• _EXERCISE REQUIREMENTS_: Repeat the records below exactly, beginning at the first line and finishing with the line that contains "[diagram v0a: schematic, before]".
=== Section Start ===
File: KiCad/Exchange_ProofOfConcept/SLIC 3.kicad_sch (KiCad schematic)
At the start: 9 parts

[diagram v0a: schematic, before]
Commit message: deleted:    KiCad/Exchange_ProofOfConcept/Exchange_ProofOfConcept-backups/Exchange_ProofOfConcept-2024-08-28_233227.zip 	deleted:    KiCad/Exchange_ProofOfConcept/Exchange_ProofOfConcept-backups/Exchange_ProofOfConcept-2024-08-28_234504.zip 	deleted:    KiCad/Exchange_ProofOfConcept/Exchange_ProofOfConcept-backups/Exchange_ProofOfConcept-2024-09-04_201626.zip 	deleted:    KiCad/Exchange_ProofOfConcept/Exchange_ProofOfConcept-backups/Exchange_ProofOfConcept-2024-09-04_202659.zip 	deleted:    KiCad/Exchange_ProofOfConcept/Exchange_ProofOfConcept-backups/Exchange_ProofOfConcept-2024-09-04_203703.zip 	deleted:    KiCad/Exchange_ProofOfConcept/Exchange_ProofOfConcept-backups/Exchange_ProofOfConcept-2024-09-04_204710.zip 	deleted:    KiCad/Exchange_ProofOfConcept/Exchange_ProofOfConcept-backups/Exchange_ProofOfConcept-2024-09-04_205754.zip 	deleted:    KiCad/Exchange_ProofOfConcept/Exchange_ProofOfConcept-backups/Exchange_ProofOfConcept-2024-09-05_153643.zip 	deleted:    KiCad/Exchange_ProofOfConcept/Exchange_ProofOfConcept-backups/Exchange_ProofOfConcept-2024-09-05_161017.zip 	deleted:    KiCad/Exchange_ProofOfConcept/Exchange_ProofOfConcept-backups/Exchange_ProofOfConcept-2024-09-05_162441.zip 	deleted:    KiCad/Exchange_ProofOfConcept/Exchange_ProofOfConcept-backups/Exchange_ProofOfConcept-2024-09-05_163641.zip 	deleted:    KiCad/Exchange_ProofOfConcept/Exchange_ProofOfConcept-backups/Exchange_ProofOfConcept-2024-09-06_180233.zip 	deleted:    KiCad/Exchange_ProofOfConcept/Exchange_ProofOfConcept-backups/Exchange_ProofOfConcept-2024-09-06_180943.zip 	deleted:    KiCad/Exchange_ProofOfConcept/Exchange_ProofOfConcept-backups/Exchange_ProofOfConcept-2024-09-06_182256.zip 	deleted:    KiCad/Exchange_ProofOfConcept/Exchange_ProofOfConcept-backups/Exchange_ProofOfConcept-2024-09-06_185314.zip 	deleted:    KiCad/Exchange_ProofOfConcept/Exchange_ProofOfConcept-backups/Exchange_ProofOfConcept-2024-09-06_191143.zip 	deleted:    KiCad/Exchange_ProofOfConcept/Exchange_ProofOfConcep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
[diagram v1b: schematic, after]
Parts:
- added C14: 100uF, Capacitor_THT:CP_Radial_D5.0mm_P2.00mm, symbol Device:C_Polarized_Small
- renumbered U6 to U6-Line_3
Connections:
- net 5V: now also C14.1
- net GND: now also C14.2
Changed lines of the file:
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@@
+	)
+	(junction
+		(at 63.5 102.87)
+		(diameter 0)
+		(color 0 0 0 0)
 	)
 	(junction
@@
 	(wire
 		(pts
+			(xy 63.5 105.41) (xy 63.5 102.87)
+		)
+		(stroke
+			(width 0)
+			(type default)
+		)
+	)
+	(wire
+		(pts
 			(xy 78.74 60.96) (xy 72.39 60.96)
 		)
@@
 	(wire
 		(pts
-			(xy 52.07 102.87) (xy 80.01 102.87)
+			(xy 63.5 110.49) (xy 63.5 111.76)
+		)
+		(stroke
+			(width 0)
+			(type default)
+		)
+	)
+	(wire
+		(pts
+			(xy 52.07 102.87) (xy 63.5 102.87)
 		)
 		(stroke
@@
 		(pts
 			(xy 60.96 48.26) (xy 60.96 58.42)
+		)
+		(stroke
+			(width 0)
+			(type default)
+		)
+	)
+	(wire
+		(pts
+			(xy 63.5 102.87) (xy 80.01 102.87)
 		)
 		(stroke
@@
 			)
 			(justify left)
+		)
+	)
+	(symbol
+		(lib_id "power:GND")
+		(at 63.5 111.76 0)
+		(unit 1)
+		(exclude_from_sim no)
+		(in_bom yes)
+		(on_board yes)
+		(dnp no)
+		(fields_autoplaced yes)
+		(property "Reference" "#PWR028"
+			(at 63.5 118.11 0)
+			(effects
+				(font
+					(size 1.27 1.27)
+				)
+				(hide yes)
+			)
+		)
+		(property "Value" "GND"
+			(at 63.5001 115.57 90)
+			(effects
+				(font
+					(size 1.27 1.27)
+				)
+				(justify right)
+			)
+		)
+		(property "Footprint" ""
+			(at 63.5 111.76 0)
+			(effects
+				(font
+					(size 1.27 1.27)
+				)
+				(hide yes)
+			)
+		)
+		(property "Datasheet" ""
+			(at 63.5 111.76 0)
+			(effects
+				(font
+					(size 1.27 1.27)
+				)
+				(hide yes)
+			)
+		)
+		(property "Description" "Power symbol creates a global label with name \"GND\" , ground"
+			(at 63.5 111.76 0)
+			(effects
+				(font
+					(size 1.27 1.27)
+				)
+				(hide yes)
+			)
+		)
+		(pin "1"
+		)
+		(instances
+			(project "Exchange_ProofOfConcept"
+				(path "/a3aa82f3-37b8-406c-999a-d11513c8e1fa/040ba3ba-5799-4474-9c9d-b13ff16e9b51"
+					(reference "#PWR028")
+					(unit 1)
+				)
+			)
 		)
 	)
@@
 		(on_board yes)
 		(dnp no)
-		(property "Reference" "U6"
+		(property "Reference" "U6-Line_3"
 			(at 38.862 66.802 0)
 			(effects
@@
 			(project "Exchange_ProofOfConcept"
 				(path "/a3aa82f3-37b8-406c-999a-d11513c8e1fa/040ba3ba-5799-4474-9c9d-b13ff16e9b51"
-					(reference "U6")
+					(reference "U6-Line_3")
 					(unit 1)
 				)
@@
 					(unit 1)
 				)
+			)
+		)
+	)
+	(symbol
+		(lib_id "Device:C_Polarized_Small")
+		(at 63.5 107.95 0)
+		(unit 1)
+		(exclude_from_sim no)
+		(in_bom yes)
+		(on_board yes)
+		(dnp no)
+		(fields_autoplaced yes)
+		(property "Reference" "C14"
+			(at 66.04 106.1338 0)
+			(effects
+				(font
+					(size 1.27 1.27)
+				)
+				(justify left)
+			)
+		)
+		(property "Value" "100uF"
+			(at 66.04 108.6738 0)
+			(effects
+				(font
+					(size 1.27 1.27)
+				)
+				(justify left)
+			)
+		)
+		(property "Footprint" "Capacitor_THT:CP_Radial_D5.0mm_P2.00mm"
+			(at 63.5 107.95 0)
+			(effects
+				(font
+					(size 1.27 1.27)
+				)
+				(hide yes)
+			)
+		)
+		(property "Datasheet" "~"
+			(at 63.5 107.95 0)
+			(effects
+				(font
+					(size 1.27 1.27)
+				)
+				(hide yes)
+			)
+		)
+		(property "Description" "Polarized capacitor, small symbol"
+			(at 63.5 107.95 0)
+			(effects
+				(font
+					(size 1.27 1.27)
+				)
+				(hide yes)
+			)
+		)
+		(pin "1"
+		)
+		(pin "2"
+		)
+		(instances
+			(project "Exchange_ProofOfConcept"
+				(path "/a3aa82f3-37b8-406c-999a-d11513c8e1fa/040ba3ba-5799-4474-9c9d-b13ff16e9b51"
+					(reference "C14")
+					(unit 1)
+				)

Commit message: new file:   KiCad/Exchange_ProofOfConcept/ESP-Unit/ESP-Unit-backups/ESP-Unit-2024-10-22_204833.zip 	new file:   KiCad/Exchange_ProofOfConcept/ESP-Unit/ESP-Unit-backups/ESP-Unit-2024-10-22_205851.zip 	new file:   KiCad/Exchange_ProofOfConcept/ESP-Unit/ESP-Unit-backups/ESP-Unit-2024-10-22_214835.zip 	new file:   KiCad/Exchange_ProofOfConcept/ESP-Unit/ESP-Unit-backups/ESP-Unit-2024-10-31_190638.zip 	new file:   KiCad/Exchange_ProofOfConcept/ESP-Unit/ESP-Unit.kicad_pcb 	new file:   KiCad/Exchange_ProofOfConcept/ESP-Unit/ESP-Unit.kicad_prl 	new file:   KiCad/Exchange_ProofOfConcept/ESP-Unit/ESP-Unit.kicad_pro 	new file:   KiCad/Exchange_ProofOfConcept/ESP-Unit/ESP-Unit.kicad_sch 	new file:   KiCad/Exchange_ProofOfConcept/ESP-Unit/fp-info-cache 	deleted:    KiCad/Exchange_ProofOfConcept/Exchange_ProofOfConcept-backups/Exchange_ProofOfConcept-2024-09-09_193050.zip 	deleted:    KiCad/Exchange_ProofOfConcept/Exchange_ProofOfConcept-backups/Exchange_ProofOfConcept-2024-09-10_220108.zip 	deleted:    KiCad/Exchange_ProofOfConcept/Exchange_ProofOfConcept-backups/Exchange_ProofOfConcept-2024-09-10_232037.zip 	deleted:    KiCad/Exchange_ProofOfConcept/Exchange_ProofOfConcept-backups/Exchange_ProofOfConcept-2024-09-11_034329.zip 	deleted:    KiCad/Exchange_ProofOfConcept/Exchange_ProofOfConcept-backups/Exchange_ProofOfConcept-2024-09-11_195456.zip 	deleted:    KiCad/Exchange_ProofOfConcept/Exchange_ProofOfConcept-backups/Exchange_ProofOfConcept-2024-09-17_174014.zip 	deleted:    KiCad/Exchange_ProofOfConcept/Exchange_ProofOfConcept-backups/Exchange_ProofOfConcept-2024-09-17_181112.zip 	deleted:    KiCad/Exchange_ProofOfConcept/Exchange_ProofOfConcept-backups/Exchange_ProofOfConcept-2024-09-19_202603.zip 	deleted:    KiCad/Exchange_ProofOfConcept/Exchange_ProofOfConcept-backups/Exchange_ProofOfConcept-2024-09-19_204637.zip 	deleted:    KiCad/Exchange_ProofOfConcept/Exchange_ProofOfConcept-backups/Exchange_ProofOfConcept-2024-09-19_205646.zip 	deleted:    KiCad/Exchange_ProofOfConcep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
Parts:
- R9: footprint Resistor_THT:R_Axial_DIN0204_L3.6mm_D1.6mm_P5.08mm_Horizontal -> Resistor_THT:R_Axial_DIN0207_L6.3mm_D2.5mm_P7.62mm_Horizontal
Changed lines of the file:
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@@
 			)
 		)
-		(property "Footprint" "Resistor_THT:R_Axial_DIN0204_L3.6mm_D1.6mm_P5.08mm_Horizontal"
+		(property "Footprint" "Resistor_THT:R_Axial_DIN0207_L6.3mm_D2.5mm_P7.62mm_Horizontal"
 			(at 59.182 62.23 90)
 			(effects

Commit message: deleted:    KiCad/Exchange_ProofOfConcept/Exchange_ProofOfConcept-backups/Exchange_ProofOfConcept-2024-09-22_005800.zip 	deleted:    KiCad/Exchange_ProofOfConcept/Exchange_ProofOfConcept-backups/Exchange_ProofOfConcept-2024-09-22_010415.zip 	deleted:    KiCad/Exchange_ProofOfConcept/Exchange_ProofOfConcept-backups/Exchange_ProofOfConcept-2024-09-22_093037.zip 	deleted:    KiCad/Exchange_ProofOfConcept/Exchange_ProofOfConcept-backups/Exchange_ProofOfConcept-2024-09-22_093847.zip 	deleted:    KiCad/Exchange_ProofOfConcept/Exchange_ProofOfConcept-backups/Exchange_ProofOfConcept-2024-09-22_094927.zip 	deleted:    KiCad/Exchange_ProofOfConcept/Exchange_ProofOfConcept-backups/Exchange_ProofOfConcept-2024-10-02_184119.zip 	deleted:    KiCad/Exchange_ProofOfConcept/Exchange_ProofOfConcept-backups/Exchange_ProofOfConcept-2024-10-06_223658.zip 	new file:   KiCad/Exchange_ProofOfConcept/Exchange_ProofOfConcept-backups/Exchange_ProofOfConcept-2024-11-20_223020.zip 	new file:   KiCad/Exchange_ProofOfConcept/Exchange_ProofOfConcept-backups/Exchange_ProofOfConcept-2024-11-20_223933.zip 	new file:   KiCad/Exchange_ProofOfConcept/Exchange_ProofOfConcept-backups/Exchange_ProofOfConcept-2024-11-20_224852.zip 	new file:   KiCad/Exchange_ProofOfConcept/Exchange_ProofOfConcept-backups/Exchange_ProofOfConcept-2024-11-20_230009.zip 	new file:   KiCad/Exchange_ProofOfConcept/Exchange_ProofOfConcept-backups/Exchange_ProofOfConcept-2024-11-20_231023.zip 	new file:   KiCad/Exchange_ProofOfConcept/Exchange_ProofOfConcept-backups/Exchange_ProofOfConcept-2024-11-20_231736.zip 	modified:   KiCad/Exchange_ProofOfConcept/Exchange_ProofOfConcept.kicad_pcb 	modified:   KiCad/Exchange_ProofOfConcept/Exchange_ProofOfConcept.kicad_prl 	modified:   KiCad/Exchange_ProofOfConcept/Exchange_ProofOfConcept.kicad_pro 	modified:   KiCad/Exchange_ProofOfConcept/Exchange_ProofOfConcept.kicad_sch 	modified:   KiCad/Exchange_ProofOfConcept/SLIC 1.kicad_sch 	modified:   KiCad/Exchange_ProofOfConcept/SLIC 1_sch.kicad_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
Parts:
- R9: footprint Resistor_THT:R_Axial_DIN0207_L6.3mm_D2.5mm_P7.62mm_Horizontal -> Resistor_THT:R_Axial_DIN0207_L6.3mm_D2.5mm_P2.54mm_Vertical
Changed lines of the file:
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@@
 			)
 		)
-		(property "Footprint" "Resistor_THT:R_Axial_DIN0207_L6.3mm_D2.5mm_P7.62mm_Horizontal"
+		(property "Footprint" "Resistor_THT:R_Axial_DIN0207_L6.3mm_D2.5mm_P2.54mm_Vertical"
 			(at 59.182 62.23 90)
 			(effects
=== Section End ===
• _RESULT OF THIS TASK_:
File: KiCad/Exchange_ProofOfConcept/SLIC 3.kicad_sch (KiCad schematic)
At the start: 9 parts

[diagram v0a: schematic, before]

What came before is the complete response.